* [Excerpts from a dataset]:
━━━━━━

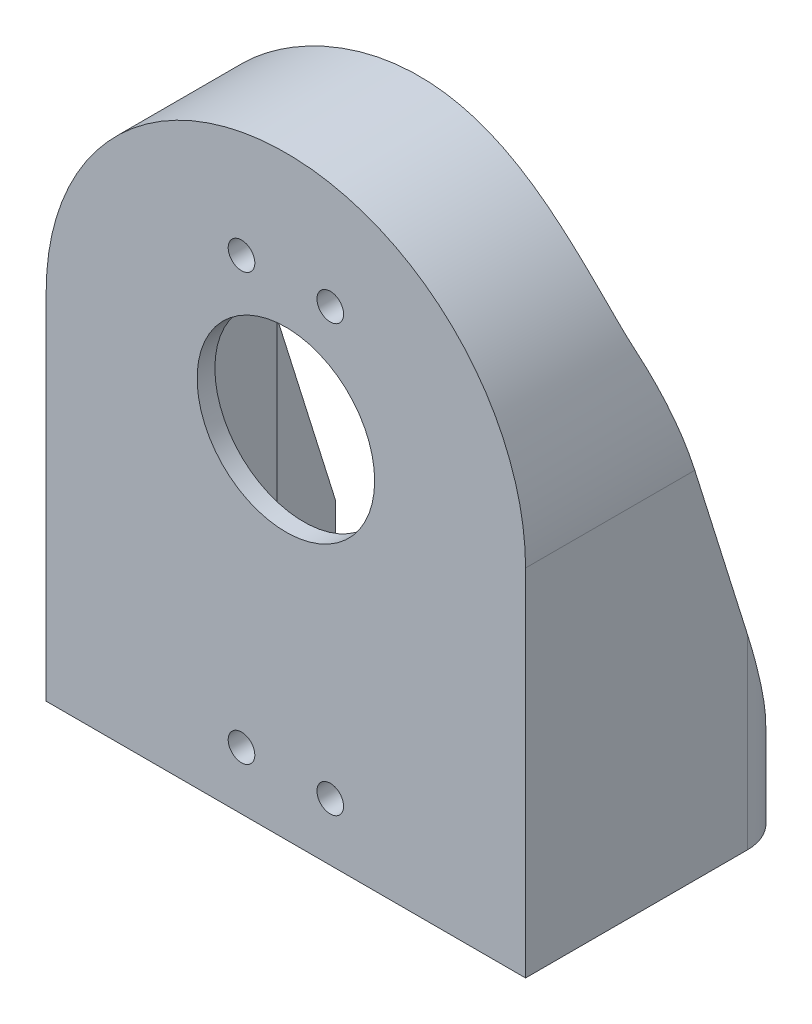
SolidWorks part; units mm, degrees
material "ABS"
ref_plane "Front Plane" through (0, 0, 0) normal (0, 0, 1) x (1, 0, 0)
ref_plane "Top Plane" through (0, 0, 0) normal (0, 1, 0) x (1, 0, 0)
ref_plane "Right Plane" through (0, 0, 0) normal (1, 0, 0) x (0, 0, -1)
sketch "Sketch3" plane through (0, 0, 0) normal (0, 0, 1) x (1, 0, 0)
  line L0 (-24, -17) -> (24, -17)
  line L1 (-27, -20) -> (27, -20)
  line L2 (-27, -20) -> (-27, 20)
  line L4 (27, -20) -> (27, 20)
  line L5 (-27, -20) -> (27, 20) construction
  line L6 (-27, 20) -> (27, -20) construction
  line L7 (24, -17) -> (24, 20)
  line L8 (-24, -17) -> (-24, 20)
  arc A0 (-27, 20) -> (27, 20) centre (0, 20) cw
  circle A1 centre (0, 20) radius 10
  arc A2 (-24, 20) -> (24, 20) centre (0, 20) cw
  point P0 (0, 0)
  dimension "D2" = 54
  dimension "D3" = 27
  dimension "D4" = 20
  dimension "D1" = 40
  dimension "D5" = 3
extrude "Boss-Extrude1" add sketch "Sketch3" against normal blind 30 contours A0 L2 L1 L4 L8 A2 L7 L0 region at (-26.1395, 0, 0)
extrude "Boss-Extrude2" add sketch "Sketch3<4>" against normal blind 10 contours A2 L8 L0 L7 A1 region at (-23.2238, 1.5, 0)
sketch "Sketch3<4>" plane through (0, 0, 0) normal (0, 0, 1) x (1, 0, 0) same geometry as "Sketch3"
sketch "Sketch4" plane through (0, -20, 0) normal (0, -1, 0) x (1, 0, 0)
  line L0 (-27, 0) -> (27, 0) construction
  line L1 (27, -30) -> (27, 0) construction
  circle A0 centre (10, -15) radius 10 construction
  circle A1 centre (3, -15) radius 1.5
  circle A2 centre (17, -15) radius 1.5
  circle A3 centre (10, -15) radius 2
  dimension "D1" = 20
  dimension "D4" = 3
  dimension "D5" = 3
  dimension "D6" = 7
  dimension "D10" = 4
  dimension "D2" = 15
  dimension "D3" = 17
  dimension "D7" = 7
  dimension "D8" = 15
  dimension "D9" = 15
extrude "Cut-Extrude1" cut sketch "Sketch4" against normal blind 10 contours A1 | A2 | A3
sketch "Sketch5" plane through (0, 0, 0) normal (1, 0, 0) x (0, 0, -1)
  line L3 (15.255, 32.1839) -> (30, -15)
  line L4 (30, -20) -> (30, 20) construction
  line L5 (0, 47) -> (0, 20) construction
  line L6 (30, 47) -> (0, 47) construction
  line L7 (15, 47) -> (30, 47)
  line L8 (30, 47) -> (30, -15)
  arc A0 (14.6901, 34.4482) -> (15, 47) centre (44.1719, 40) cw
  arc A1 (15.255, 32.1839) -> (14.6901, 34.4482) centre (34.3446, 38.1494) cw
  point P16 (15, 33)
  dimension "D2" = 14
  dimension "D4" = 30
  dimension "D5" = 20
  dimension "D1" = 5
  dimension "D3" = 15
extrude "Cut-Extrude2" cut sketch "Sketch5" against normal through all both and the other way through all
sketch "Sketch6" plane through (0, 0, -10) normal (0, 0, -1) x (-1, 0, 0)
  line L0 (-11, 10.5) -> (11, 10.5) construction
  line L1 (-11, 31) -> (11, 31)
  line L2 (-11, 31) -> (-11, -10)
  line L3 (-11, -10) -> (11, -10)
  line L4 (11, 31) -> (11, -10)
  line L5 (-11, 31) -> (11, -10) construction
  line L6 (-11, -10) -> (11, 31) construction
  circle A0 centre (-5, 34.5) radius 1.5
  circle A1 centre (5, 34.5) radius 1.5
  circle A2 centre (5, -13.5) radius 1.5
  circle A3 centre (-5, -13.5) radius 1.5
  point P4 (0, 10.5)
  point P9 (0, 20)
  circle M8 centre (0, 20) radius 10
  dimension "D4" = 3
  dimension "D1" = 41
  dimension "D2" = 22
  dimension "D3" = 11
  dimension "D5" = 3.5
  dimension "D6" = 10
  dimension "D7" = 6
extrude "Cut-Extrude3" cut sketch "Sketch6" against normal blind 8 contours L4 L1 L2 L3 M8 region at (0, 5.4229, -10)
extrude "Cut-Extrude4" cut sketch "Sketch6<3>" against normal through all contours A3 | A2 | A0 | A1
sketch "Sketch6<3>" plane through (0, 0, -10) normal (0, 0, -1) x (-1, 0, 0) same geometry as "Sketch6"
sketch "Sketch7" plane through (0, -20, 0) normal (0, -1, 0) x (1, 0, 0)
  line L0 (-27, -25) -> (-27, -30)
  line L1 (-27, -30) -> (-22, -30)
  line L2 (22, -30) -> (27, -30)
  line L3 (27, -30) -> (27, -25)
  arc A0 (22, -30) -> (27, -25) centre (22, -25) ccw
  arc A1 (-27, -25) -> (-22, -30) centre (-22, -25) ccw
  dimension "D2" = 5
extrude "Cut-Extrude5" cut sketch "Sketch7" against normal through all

━━━━━━

* [What this task involves]:
Exactly and only the lines from the line containing "line L3 (-11, -10) -> (11, -10)" through the final line of the records above must be returned.

* [Solved exercise]:
  line L3 (-11, -10) -> (11, -10)
  line L4 (11, 31) -> (11, -10)
  line L5 (-11, 31) -> (11, -10) construction
  line L6 (-11, -10) -> (11, 31) construction
  circle A0 centre (-5, 34.5) radius 1.5
  circle A1 centre (5, 34.5) radius 1.5
  circle A2 centre (5, -13.5) radius 1.5
  circle A3 centre (-5, -13.5) radius 1.5
  point P4 (0, 10.5)
  point P9 (0, 20)
  circle M8 centre (0, 20) radius 10
  dimension "D4" = 3
  dimension "D1" = 41
  dimension "D2" = 22
  dimension "D3" = 11
  dimension "D5" = 3.5
  dimension "D6" = 10
  dimension "D7" = 6
extrude "Cut-Extrude3" cut sketch "Sketch6" against normal blind 8 contours L4 L1 L2 L3 M8 region at (0, 5.4229, -10)
extrude "Cut-Extrude4" cut sketch "Sketch6<3>" against normal through all contours A3 | A2 | A0 | A1
sketch "Sketch6<3>" plane through (0, 0, -10) normal (0, 0, -1) x (-1, 0, 0) same geometry as "Sketch6"
sketch "Sketch7" plane through (0, -20, 0) normal (0, -1, 0) x (1, 0, 0)
  line L0 (-27, -25) -> (-27, -30)
  line L1 (-27, -30) -> (-22, -30)
  line L2 (22, -30) -> (27, -30)
  line L3 (27, -30) -> (27, -25)
  arc A0 (22, -30) -> (27, -25) centre (22, -25) ccw
  arc A1 (-27, -25) -> (-22, -30) centre (-22, -25) ccw
  dimension "D2" = 5
extrude "Cut-Extrude5" cut sketch "Sketch7" against normal through all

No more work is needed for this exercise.